WHAT IS BEING ASKED: For the records below, report how many lines include the string "simulink", leaving out everything except the number.

TASK MATERIAL:
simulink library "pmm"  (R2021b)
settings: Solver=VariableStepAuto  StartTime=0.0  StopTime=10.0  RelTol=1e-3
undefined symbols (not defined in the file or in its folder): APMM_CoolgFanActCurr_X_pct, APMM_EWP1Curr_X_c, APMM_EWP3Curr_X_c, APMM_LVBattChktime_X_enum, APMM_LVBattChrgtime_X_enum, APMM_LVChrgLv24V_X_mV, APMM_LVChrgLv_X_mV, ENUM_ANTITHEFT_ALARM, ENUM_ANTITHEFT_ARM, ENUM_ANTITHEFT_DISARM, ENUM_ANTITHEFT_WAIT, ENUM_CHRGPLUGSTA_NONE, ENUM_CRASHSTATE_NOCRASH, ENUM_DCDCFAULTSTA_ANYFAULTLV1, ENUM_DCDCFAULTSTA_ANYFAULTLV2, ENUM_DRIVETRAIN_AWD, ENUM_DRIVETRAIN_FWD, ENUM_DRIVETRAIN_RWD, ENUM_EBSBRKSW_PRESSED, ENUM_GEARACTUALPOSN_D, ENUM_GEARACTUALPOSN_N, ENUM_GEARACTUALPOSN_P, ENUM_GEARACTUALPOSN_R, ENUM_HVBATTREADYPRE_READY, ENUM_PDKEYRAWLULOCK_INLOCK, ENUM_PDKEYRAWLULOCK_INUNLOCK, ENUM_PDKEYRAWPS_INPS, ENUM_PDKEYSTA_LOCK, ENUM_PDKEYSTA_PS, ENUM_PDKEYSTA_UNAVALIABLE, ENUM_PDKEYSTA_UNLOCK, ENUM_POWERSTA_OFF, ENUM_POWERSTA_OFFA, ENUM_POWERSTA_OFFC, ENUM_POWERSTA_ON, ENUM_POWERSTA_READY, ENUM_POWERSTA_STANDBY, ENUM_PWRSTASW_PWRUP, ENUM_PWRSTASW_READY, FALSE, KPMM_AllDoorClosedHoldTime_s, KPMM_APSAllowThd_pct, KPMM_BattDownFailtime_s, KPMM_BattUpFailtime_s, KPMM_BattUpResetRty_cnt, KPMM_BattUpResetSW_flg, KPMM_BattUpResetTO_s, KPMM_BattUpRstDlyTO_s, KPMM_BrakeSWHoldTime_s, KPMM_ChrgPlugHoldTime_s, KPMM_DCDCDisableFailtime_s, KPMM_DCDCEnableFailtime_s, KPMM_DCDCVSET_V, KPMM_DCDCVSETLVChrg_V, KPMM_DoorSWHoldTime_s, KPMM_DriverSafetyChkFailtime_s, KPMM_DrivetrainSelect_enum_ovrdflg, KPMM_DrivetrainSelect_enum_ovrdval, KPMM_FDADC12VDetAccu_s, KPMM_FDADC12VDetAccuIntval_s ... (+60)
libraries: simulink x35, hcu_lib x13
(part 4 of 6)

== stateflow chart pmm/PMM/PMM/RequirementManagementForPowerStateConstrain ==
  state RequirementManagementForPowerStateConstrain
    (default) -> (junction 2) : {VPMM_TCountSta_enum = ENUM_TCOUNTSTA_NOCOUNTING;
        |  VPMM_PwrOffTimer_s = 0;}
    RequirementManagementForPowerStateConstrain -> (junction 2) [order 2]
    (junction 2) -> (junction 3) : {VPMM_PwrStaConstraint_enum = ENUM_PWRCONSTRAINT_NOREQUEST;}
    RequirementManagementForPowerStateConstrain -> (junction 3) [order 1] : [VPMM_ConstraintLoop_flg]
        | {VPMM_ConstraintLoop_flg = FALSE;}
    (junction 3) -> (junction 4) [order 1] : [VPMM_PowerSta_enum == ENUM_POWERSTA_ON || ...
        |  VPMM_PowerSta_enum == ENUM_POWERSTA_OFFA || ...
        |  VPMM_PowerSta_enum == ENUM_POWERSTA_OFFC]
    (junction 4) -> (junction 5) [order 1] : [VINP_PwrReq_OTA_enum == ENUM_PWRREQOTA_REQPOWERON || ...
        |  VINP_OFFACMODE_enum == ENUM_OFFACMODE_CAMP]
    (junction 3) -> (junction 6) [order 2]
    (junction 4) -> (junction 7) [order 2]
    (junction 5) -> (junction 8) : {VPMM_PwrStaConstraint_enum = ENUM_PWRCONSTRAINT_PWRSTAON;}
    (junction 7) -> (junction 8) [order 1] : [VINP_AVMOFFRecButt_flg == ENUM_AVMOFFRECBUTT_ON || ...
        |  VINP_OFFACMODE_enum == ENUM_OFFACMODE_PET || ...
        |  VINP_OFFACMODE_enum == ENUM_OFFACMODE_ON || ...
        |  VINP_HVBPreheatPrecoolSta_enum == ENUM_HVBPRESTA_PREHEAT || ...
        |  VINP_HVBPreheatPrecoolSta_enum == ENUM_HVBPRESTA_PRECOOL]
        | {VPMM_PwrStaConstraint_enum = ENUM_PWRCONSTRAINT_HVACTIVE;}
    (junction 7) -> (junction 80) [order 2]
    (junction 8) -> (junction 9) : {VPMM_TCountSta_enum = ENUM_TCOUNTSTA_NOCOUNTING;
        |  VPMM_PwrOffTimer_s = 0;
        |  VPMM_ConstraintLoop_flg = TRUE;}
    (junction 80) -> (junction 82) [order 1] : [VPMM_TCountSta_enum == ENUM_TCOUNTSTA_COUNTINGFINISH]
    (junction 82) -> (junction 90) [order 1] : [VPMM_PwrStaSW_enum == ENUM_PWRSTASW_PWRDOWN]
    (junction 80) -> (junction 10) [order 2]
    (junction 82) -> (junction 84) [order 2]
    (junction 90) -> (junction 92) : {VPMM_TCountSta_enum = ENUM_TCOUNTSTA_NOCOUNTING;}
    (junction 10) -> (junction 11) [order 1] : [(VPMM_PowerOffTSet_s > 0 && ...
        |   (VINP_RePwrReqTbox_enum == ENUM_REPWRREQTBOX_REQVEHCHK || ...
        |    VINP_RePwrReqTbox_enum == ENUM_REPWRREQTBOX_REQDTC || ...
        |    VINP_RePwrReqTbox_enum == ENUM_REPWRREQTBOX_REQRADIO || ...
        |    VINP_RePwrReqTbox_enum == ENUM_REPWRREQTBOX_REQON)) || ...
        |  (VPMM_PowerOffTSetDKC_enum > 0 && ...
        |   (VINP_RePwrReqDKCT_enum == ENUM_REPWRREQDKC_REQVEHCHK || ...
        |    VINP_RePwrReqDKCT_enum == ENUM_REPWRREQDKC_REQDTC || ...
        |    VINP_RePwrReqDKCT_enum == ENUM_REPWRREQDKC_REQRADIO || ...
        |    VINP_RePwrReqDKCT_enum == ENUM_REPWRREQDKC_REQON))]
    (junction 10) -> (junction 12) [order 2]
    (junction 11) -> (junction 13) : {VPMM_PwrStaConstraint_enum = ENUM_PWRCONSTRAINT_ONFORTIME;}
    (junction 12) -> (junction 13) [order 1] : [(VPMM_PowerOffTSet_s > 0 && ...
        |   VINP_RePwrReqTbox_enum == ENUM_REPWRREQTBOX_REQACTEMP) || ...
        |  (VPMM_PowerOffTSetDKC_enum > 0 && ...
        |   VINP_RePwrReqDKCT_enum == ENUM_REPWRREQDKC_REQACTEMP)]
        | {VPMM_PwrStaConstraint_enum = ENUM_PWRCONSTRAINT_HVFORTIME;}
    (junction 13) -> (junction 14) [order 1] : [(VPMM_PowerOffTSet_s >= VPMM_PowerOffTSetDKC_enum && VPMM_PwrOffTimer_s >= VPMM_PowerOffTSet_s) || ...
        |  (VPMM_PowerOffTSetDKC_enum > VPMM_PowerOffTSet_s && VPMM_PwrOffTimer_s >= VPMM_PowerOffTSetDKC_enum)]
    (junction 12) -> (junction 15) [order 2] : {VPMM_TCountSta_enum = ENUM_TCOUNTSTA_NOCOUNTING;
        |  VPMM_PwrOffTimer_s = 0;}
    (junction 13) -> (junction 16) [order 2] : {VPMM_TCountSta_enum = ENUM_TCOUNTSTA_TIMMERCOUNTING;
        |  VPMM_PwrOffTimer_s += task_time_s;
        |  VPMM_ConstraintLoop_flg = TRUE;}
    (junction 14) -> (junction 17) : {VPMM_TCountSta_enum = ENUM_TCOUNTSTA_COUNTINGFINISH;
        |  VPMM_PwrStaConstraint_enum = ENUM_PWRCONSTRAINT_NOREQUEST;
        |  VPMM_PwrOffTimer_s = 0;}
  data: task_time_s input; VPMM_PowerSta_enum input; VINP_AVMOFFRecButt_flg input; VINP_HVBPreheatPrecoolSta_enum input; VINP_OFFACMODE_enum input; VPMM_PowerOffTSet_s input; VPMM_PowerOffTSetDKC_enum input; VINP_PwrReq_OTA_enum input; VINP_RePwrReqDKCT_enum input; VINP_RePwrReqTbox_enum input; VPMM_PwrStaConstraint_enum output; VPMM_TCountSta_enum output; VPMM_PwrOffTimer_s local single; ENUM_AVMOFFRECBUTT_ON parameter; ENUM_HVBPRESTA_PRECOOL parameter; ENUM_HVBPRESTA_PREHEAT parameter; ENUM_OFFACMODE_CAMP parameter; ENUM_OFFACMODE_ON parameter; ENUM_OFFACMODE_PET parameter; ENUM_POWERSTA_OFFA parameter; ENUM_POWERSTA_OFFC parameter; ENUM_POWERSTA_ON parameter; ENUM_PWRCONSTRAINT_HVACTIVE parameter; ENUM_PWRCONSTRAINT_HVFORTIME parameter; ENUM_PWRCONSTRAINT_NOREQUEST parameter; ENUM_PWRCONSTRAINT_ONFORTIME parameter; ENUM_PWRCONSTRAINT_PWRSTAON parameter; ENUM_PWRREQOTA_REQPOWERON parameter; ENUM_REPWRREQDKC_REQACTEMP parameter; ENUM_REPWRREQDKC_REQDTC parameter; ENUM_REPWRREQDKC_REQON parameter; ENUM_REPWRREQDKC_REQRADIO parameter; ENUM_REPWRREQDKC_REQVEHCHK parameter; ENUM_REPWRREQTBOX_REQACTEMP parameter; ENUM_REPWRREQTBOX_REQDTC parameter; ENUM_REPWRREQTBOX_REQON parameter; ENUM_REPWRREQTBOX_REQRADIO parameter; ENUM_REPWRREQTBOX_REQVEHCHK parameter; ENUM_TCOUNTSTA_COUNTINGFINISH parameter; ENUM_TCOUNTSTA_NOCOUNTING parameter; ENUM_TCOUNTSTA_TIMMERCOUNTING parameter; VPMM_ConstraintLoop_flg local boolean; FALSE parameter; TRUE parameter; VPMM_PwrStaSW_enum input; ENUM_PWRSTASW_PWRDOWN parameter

SOLUTION TO THE PROBLEM: 2